Ok, so they aren’t real suede, but “blue faux-suede shoes” just doesn’t have quite the same ring to it.
These are my latest (guilt-free) mommy purchase and I am already devising plans of when/where I can don these bright blue babies! I’m sure they are perfectly acceptable to wear to parents evening or the weekly grocery shop…
When I put them on, I feel fabulous, and being able to walk more than six steps in them is definitely a bonus!
Every girl should have a pair.
Image: MAC Edit: MPQ
This morning a close friend said to me “you always seem angry” (or unhappy, or something of the sort, I can’t remember verbatim) and I remember feeling completely gobsmacked. A plethora of choice retorts instantly sprang to mind, none of them I can repeat here in this post… (maybe he had a point? Haha) My second reaction was one of defense. Who is at their best at 9am? I sure as hell am not, especially when the only place I want to be is back in my warm bed and not trudging up the hill toward my house, post school run.
My third reaction? Tears.
I felt wounded and, as the upset subsided, I sort of saw his point. I am a little stressed out these days. Ok, A LOT stressed out. Between trying to be supermom (school runs, parent/teacher meetings, morning assemblies, playgroups) and superstudent (yeah, that dissertation isn’t gonna write itself), I seem to have lost myself along the way. And somehow my sadness and stress has painted me as some kind of mad black woman. That isn’t to say I’m not trying. I really am trying to relax and have fun when I can.
These days I’m actually wearing a bit of makeup, buying cute things for my hair, and picking up the odd Glamour magazine. Last week I bought the most fabulous pair of electric blue suede high heels. That would cheer anyone up, hehe.
I think as moms we really can never underestimate the importance of “ME” time. Without it, it’s really easy to slip away into maternal oblivion. Next on my agenda is a girlie weekend, methinks.
Anything to avoid being “that angry girl”. And if my friend says that again, I might punch him.
Today was dress down day at Emilie’s school. I had no idea.
This afternoon when I went to collect her, another mom (noticing Emilie wearing her school uniform) said to me in the most incredulous holier-than-thou tone:
“Oh you forgot it was dress down day? What’s wrong, got something on your mind?”

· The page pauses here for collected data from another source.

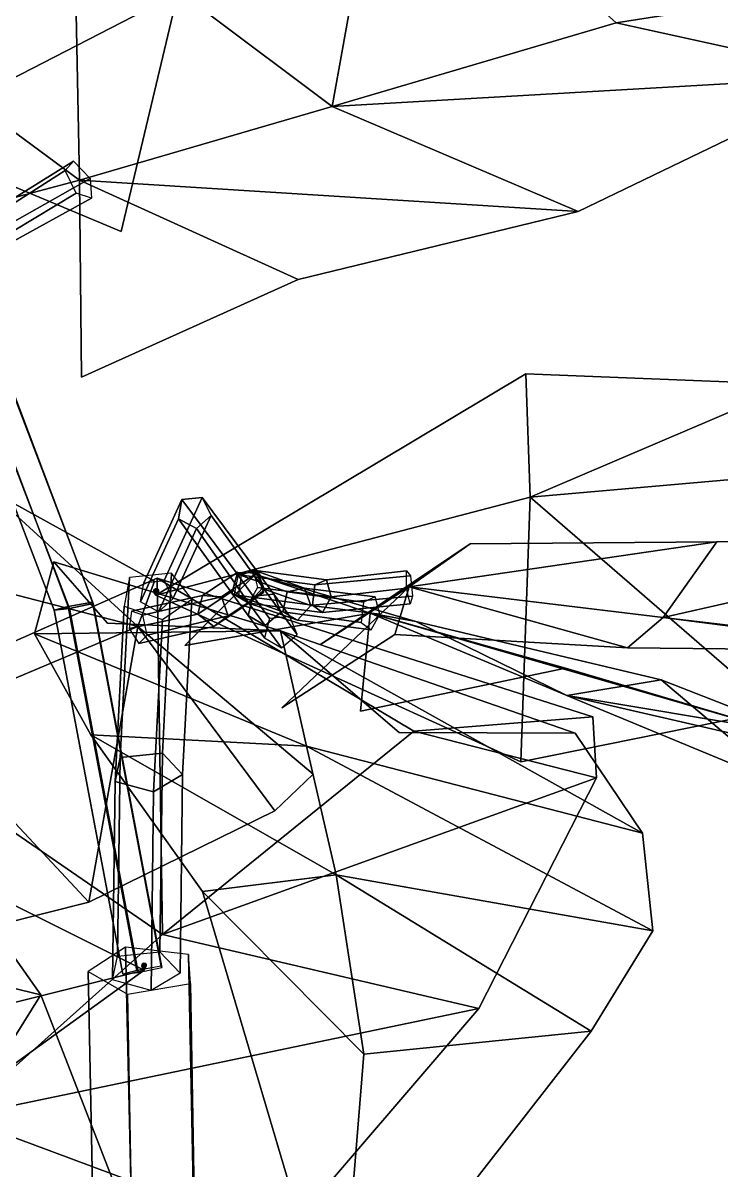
# Model space of a CAD drawing. Header units: metres. Extents: x -208 to 315, y -224 to 287.
# Drawn here: x 162.27 to 174.87, y 152.3 to 172.99 of the extents above; entities that cross this region are included whole.
import ezdxf

# ---------------------------------------------------------------- set-up
doc = ezdxf.new("R2010")
doc.units = ezdxf.units.M

msp = doc.modelspace()

# ---------------------------------------------------------------- linework, layer by layer
at = {"layer": 'Breeder_Intrnd', "color": 3}
for points in [[(164.0234, 159.7408, 709.4614), (164.1915, 162.9864, 712.4764), (164.1002, 162.4712, 713.0347), (163.9348, 159.3093, 710.087)], [(164.7873, 159.8181, 709.3356), (164.9554, 163.0637, 712.3506), (164.1915, 162.9864, 712.4764), (164.0234, 159.7408, 709.4614)], [(165.1524, 159.4325, 709.8865), (165.3179, 162.5945, 712.8341), (164.9554, 163.0637, 712.3506), (164.7873, 159.8181, 709.3356)], [(163.9348, 159.3093, 710.087), (164.1002, 162.4712, 713.0347), (164.7924, 162.2304, 713.2545), (164.6285, 159.1198, 710.3481)], [(164.6285, 159.1198, 710.3481), (164.7924, 162.2304, 713.2545), (165.3179, 162.5945, 712.8341), (165.1524, 159.4325, 709.8865)], [(164.7418, 156.2359, 706.8577), (164.7873, 159.8181, 709.3356), (164.0234, 159.7408, 709.4614), (163.9779, 156.1586, 706.9835)], [(165.1069, 155.8502, 707.4085), (165.1524, 159.4325, 709.8865), (164.7873, 159.8181, 709.3356), (164.7418, 156.2359, 706.8577)], [(163.9779, 156.1586, 706.9835), (164.0234, 159.7408, 709.4614), (163.9348, 159.3093, 710.087), (163.8892, 155.727, 707.609)], [(164.583, 155.5375, 707.8702), (164.6285, 159.1198, 710.3481), (165.1524, 159.4325, 709.8865), (165.1069, 155.8502, 707.4085)], [(163.8892, 155.727, 707.609), (163.9348, 159.3093, 710.087), (164.6285, 159.1198, 710.3481), (164.583, 155.5375, 707.8702)], [(164.252, 150.5368, 703.6638), (164.1252, 156.3214, 706.4879), (163.4504, 155.8794, 707.3523), (163.5708, 149.9271, 704.4135)], [(165.379, 150.2373, 703.8592), (165.2585, 156.1896, 706.798), (164.1252, 156.3214, 706.4879), (164.252, 150.5368, 703.6638)], [(165.4048, 149.4397, 704.7316), (165.2947, 155.665, 707.8569), (165.2585, 156.1896, 706.798), (165.379, 150.2373, 703.8592)], [(163.5708, 149.9271, 704.4135), (163.4504, 155.8794, 707.3523), (164.1604, 155.4703, 708.2047), (164.2704, 149.2451, 705.0793)], [(164.2704, 149.2451, 705.0793), (164.1604, 155.4703, 708.2047), (165.2947, 155.665, 707.8569), (165.4048, 149.4397, 704.7316)]]:
    msp.add_3dface(points, dxfattribs=at)
at = {"layer": 'Breeder_Leaf', "color": 3}
for points in [[(113.9253, 174.6105, 73.4977), (166.6079, 205.1355, 80.5457), (154.0528, 159.7351, 98.03906)], [(113.9253, 174.6105, 73.4977), (154.0528, 159.7351, 98.03906), (166.6079, 205.1355, 80.5457)], [(164.9804, 177.9005, 697.9333), (160.0004, 170.9189, 701.2037), (158.8264, 174.7511, 696.9928)], [(164.9804, 177.9005, 697.9333), (158.8264, 174.7511, 696.9928), (160.0004, 170.9189, 701.2037)], [(164.9804, 177.9005, 697.9333), (165.0644, 173.5277, 701.4023), (160.0004, 170.9189, 701.2037)], [(164.9804, 177.9005, 697.9333), (160.0004, 170.9189, 701.2037), (165.0644, 173.5277, 701.4023)], [(163.1981, 174.9785, 692.3937), (168.8031, 176.7684, 689.3691), (167.8502, 171.4846, 697.8437)], [(163.1981, 174.9785, 692.3937), (167.8502, 171.4846, 697.8437), (168.8031, 176.7684, 689.3691)], [(167.8502, 171.4846, 697.8437), (168.8031, 176.7684, 689.3691), (172.979, 172.9959, 694.0842)], [(167.8502, 171.4846, 697.8437), (172.979, 172.9959, 694.0842), (168.8031, 176.7684, 689.3691)], [(163.2892, 170.1543, 701.1939), (159.4553, 172.991, 695.9006), (163.1981, 174.9785, 692.3937)], [(163.2892, 170.1543, 701.1939), (163.1981, 174.9785, 692.3937), (159.4553, 172.991, 695.9006)], [(163.2892, 170.1543, 701.1939), (163.1981, 174.9785, 692.3937), (167.8502, 171.4846, 697.8437)], [(163.2892, 170.1543, 701.1939), (167.8502, 171.4846, 697.8437), (163.1981, 174.9785, 692.3937)], [(172.979, 172.9959, 694.0842), (181.3706, 174.3127, 694.0292), (177.3593, 172.031, 699.2442)], [(172.979, 172.9959, 694.0842), (177.3593, 172.031, 699.2442), (181.3706, 174.3127, 694.0292)], [(160.0004, 170.9189, 701.2037), (165.0644, 173.5277, 701.4023), (164.0418, 169.2325, 701.6982)], [(160.0004, 170.9189, 701.2037), (164.0418, 169.2325, 701.6982), (165.0644, 173.5277, 701.4023)], [(163.2892, 170.1543, 701.1939), (159.0017, 169.0137, 698.5226), (159.4553, 172.991, 695.9006)], [(163.2892, 170.1543, 701.1939), (159.4553, 172.991, 695.9006), (159.0017, 169.0137, 698.5226)], [(177.3593, 172.031, 699.2442), (167.8502, 171.4846, 697.8437), (172.979, 172.9959, 694.0842)], [(177.3593, 172.031, 699.2442), (172.979, 172.9959, 694.0842), (167.8502, 171.4846, 697.8437)], [(167.8502, 171.4846, 697.8437), (177.3593, 172.031, 699.2442), (172.2941, 169.5899, 702.8771)], [(167.8502, 171.4846, 697.8437), (172.2941, 169.5899, 702.8771), (177.3593, 172.031, 699.2442)], [(172.2941, 169.5899, 702.8771), (163.2892, 170.1543, 701.1939), (167.8502, 171.4846, 697.8437)], [(172.2941, 169.5899, 702.8771), (167.8502, 171.4846, 697.8437), (163.2892, 170.1543, 701.1939)], [(172.2941, 169.5899, 702.8771), (167.2361, 168.3635, 704.8959), (163.2892, 170.1543, 701.1939)], [(172.2941, 169.5899, 702.8771), (163.2892, 170.1543, 701.1939), (167.2361, 168.3635, 704.8959)], [(163.2892, 170.1543, 701.1939), (167.2361, 168.3635, 704.8959), (163.3271, 166.6017, 703.8015)], [(163.2892, 170.1543, 701.1939), (163.3271, 166.6017, 703.8015), (167.2361, 168.3635, 704.8959)], [(157.3733, 163.9068, 723.7909), (161.6108, 164.5917, 722.5557), (164.3464, 162.1037, 725.2255)], [(157.3733, 163.9068, 723.7909), (164.3464, 162.1037, 725.2255), (161.6108, 164.5917, 722.5557)], [(164.3464, 162.1037, 725.2255), (161.6108, 164.5917, 722.5557), (164.6427, 162.9225, 721.8084)], [(164.3464, 162.1037, 725.2255), (164.6427, 162.9225, 721.8084), (161.6108, 164.5917, 722.5557)], [(156.5138, 164.0867, 683.9127), (162.5968, 155.4608, 688.2031), (157.7168, 156.6407, 686.6744)], [(156.5138, 164.0867, 683.9127), (157.7168, 156.6407, 686.6744), (162.5968, 155.4608, 688.2031)], [(157.3733, 163.9068, 723.7909), (164.3464, 162.1037, 725.2255), (160.3713, 160.4332, 726.9705)], [(157.3733, 163.9068, 723.7909), (160.3713, 160.4332, 726.9705), (164.3464, 162.1037, 725.2255)], [(169.2435, 162.8192, 723.6169), (170.3446, 163.5964, 727.974), (167.6412, 161.7822, 726.582)], [(169.2435, 162.8192, 723.6169), (167.6412, 161.7822, 726.582), (170.3446, 163.5964, 727.974)], [(174.7948, 163.6325, 728.3555), (169.2435, 162.8192, 723.6169), (173.8249, 162.2675, 723.0302)], [(174.7948, 163.6325, 728.3555), (173.8249, 162.2675, 723.0302), (169.2435, 162.8192, 723.6169)], [(174.7948, 163.6325, 728.3555), (170.3446, 163.5964, 727.974), (169.2435, 162.8192, 723.6169)], [(174.7948, 163.6325, 728.3555), (169.2435, 162.8192, 723.6169), (170.3446, 163.5964, 727.974)], [(180.0534, 163.6802, 727.3371), (173.8249, 162.2675, 723.0302), (178.9772, 161.6608, 722.368)], [(180.0534, 163.6802, 727.3371), (178.9772, 161.6608, 722.368), (173.8249, 162.2675, 723.0302)], [(173.8249, 162.2675, 723.0302), (180.0534, 163.6802, 727.3371), (174.7948, 163.6325, 728.3555)], [(173.8249, 162.2675, 723.0302), (174.7948, 163.6325, 728.3555), (180.0534, 163.6802, 727.3371)], [(162.4773, 161.9725, 731.8926), (162.8295, 163.2686, 727.6326), (166.9197, 162.0234, 726.0448)], [(162.4773, 161.9725, 731.8926), (166.9197, 162.0234, 726.0448), (162.8295, 163.2686, 727.6326)], [(166.9197, 162.0234, 726.0448), (162.8295, 163.2686, 727.6326), (163.7975, 162.1616, 724.4116)], [(166.9197, 162.0234, 726.0448), (163.7975, 162.1616, 724.4116), (162.8295, 163.2686, 727.6326)], [(159.0628, 160.4862, 674.4857), (164.6946, 162.9762, 671.0532), (164.7879, 156.5446, 676.8494)], [(159.0628, 160.4862, 674.4857), (164.7879, 156.5446, 676.8494), (164.6946, 162.9762, 671.0532)], [(164.7879, 156.5446, 676.8494), (164.6946, 162.9762, 671.0532), (169.3254, 160.2186, 671.2034)], [(164.7879, 156.5446, 676.8494), (169.3254, 160.2186, 671.2034), (164.6946, 162.9762, 671.0532)], [(164.6946, 162.9762, 671.0532), (172.5594, 160.4737, 663.8555), (169.3254, 160.2186, 671.2034)], [(164.6946, 162.9762, 671.0532), (169.3254, 160.2186, 671.2034), (172.5594, 160.4737, 663.8555)], [(168.5371, 162.3471, 725.1947), (166.4646, 163.0436, 729.1973), (165.1935, 161.7632, 726.1506)], [(168.5371, 162.3471, 725.1947), (165.1935, 161.7632, 726.1506), (166.4646, 163.0436, 729.1973)], [(169.36, 162.1944, 732.4908), (166.4646, 163.0436, 729.1973), (168.5371, 162.3471, 725.1947)], [(169.36, 162.1944, 732.4908), (168.5371, 162.3471, 725.1947), (166.4646, 163.0436, 729.1973)], [(169.2435, 162.8192, 723.6169), (166.9447, 160.6373, 720.9474), (168.981, 161.9604, 717.987)], [(169.2435, 162.8192, 723.6169), (168.981, 161.9604, 717.987), (166.9447, 160.6373, 720.9474)], [(169.2435, 162.8192, 723.6169), (168.981, 161.9604, 717.987), (173.1854, 161.722, 716.707)], [(169.2435, 162.8192, 723.6169), (173.1854, 161.722, 716.707), (168.981, 161.9604, 717.987)], [(169.2435, 162.8192, 723.6169), (173.1854, 161.722, 716.707), (173.8249, 162.2675, 723.0302)], [(169.2435, 162.8192, 723.6169), (173.8249, 162.2675, 723.0302), (173.1854, 161.722, 716.707)], [(168.5371, 162.3471, 725.1947), (168.3646, 160.5788, 721.4511), (172.0612, 161.3554, 720.8245)], [(168.5371, 162.3471, 725.1947), (172.0612, 161.3554, 720.8245), (168.3646, 160.5788, 721.4511)], [(168.5371, 162.3471, 725.1947), (172.0612, 161.3554, 720.8245), (175.8739, 160.2269, 722.712)], [(168.5371, 162.3471, 725.1947), (175.8739, 160.2269, 722.712), (172.0612, 161.3554, 720.8245)], [(168.5371, 162.3471, 725.1947), (175.8739, 160.2269, 722.712), (172.0879, 160.8611, 727.8063)], [(168.5371, 162.3471, 725.1947), (172.0879, 160.8611, 727.8063), (175.8739, 160.2269, 722.712)], [(169.36, 162.1944, 732.4908), (168.5371, 162.3471, 725.1947), (172.0879, 160.8611, 727.8063)], [(169.36, 162.1944, 732.4908), (172.0879, 160.8611, 727.8063), (168.5371, 162.3471, 725.1947)], [(173.1854, 161.722, 716.707), (178.4752, 161.6637, 716.5151), (173.8249, 162.2675, 723.0302)], [(173.1854, 161.722, 716.707), (173.8249, 162.2675, 723.0302), (178.4752, 161.6637, 716.5151)], [(173.8249, 162.2675, 723.0302), (178.4752, 161.6637, 716.5151), (178.9772, 161.6608, 722.368)], [(173.8249, 162.2675, 723.0302), (178.9772, 161.6608, 722.368), (178.4752, 161.6637, 716.5151)], [(164.3464, 162.1037, 725.2255), (163.4616, 157.131, 731.4686), (160.3713, 160.4332, 726.9705)], [(164.3464, 162.1037, 725.2255), (160.3713, 160.4332, 726.9705), (163.4616, 157.131, 731.4686)], [(164.3464, 162.1037, 725.2255), (166.8158, 158.7809, 729.145), (163.4616, 157.131, 731.4686)], [(164.3464, 162.1037, 725.2255), (163.4616, 157.131, 731.4686), (166.8158, 158.7809, 729.145)], [(164.3464, 162.1037, 725.2255), (167.5122, 159.4384, 725.4377), (166.8158, 158.7809, 729.145)], [(164.3464, 162.1037, 725.2255), (166.8158, 158.7809, 729.145), (167.5122, 159.4384, 725.4377)], [(172.0879, 160.8611, 727.8063), (173.7888, 161.1426, 735.3142), (169.36, 162.1944, 732.4908)], [(172.0879, 160.8611, 727.8063), (169.36, 162.1944, 732.4908), (173.7888, 161.1426, 735.3142)], [(162.4773, 161.9725, 731.8926), (166.9197, 162.0234, 726.0448), (167.3895, 159.9469, 730.1806)], [(162.4773, 161.9725, 731.8926), (167.3895, 159.9469, 730.1806), (166.9197, 162.0234, 726.0448)], [(167.3895, 159.9469, 730.1806), (163.498, 160.1514, 736.8255), (162.4773, 161.9725, 731.8926)], [(167.3895, 159.9469, 730.1806), (162.4773, 161.9725, 731.8926), (163.498, 160.1514, 736.8255)], [(166.9197, 162.0234, 726.0448), (169.0593, 160.1918, 723.0054), (172.2388, 160.1829, 725.1389)], [(166.9197, 162.0234, 726.0448), (172.2388, 160.1829, 725.1389), (169.0593, 160.1918, 723.0054)], [(166.9197, 162.0234, 726.0448), (172.2388, 160.1829, 725.1389), (173.4514, 158.3772, 728.9653)], [(166.9197, 162.0234, 726.0448), (173.4514, 158.3772, 728.9653), (172.2388, 160.1829, 725.1389)], [(166.9197, 162.0234, 726.0448), (173.4514, 158.3772, 728.9653), (167.3895, 159.9469, 730.1806)], [(166.9197, 162.0234, 726.0448), (167.3895, 159.9469, 730.1806), (173.4514, 158.3772, 728.9653)], [(173.7888, 161.1426, 735.3142), (172.0879, 160.8611, 727.8063), (176.0852, 159.2032, 730.7433)], [(173.7888, 161.1426, 735.3142), (176.0852, 159.2032, 730.7433), (172.0879, 160.8611, 727.8063)], [(176.0852, 159.2032, 730.7433), (178.7355, 159.2119, 737.0023), (173.7888, 161.1426, 735.3142)], [(176.0852, 159.2032, 730.7433), (173.7888, 161.1426, 735.3142), (178.7355, 159.2119, 737.0023)], [(175.8739, 160.2269, 722.712), (179.7404, 159.095, 726.1458), (172.0879, 160.8611, 727.8063)], [(175.8739, 160.2269, 722.712), (172.0879, 160.8611, 727.8063), (179.7404, 159.095, 726.1458)], [(172.0879, 160.8611, 727.8063), (179.7404, 159.095, 726.1458), (176.0852, 159.2032, 730.7433)], [(172.0879, 160.8611, 727.8063), (176.0852, 159.2032, 730.7433), (179.7404, 159.095, 726.1458)], [(163.4616, 157.131, 731.4686), (158.6801, 155.9274, 733.395), (160.3713, 160.4332, 726.9705)], [(163.4616, 157.131, 731.4686), (160.3713, 160.4332, 726.9705), (158.6801, 155.9274, 733.395)], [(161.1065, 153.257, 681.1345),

I just looked at her. Something on my MIND? Hmm, let me see. I wanted to say:
“Listen b*tch, I’m juggling a million balls at the moment. Between spending endless hours in class, mothering two small girls, cooking, cleaning, grocery shopping, playdates, two bouts of flu, and just trying to keep my general sanity, I’m gonna drop a damn ball. Pardon me for not living up to your perception of parental perfection!”
Instead, I said in my sweetest voice:
“You forgot last time. Guess that makes us even.”